◆ **How to complete this task**: Wherever the listing has a line with the string "blind", copy that line out.

◆ **Task input**:

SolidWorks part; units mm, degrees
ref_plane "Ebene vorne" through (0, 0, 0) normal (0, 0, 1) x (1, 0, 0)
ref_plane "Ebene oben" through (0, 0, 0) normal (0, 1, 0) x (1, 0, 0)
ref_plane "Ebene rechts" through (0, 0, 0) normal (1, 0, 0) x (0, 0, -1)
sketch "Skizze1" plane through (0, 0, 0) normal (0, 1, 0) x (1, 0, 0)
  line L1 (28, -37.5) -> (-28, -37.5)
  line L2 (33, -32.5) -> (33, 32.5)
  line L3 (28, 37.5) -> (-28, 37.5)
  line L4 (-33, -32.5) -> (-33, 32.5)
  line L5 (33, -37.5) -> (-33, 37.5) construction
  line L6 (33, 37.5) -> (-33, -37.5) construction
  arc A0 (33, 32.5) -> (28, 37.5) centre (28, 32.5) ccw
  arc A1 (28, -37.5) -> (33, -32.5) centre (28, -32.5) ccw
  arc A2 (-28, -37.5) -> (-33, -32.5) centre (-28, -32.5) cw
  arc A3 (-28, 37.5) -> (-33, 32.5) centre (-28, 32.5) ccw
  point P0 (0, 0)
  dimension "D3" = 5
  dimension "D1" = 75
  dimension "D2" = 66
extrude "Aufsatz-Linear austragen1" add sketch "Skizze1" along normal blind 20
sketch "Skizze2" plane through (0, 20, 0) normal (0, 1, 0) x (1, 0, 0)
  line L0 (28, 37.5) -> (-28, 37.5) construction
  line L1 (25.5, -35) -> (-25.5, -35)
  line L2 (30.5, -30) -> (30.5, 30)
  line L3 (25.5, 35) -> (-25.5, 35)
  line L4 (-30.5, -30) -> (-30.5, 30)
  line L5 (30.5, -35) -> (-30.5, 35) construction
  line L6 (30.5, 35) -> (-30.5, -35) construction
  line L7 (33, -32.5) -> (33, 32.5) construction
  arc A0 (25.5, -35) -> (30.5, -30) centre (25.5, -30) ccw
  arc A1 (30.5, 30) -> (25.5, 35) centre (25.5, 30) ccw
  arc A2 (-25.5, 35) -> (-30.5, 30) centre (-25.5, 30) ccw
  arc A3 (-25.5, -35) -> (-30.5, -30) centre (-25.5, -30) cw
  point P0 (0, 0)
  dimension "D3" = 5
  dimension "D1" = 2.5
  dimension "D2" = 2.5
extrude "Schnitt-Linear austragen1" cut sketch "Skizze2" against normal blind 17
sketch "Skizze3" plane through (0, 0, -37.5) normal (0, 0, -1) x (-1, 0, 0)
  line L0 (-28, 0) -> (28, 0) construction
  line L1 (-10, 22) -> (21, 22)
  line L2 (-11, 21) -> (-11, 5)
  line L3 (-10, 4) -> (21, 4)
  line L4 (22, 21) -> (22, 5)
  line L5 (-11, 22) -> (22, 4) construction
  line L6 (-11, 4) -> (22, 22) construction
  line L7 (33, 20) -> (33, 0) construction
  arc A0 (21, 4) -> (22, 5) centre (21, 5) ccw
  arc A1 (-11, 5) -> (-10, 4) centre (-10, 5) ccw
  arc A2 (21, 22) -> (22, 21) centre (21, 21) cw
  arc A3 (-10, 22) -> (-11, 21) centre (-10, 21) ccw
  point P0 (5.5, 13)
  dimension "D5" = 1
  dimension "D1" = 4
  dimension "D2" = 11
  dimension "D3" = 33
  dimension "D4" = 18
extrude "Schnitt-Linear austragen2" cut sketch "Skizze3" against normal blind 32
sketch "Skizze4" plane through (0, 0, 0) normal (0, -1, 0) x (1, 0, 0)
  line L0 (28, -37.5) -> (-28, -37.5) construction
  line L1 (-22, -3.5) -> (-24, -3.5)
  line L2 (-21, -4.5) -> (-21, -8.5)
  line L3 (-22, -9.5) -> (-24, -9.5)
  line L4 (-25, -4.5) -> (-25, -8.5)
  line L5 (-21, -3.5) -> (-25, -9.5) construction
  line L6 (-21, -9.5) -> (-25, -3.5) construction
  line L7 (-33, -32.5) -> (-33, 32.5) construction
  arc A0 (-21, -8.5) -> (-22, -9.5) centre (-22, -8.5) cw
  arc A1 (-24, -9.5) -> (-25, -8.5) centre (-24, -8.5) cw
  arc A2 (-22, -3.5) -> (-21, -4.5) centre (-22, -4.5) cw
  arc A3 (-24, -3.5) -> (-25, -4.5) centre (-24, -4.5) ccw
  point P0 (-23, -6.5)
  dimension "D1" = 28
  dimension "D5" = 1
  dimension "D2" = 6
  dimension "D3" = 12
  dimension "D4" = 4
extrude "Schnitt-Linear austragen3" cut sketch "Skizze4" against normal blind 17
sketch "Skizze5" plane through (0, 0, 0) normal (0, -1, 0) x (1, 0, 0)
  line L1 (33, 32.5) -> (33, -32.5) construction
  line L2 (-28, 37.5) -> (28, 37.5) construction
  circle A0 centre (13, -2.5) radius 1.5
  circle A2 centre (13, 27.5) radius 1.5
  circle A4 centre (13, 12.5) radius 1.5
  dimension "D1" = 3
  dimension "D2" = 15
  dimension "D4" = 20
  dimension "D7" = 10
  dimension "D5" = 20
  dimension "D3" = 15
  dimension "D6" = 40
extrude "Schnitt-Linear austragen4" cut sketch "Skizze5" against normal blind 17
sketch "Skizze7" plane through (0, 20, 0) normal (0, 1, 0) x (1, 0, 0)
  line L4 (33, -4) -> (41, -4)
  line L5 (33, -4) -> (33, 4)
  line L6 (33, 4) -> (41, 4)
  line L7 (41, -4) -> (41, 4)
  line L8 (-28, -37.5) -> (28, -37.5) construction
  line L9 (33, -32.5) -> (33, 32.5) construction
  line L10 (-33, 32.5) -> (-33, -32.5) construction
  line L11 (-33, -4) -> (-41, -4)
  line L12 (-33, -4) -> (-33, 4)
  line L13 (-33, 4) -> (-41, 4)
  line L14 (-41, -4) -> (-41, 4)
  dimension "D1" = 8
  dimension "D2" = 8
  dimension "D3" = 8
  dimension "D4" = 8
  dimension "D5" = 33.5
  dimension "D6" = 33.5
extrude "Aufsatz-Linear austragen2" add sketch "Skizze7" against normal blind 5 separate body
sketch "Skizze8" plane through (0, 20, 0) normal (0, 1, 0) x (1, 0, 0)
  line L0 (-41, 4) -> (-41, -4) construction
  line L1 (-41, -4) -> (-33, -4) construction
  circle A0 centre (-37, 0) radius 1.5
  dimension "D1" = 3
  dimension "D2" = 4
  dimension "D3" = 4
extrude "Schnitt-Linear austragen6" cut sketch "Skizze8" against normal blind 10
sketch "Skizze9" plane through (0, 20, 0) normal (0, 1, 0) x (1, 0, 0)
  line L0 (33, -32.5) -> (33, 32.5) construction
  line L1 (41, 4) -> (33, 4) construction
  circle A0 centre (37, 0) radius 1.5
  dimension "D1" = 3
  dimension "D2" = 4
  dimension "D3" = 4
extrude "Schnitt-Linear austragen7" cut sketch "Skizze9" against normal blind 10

◆ **Response**:
extrude "Aufsatz-Linear austragen1" add sketch "Skizze1" along normal blind 20
extrude "Schnitt-Linear austragen1" cut sketch "Skizze2" against normal blind 17
extrude "Schnitt-Linear austragen2" cut sketch "Skizze3" against normal blind 32
extrude "Schnitt-Linear austragen3" cut sketch "Skizze4" against normal blind 17
extrude "Schnitt-Linear austragen4" cut sketch "Skizze5" against normal blind 17
extrude "Aufsatz-Linear austragen2" add sketch "Skizze7" against normal blind 5 separate body
extrude "Schnitt-Linear austragen6" cut sketch "Skizze8" against normal blind 10
extrude "Schnitt-Linear austragen7" cut sketch "Skizze9" against normal blind 10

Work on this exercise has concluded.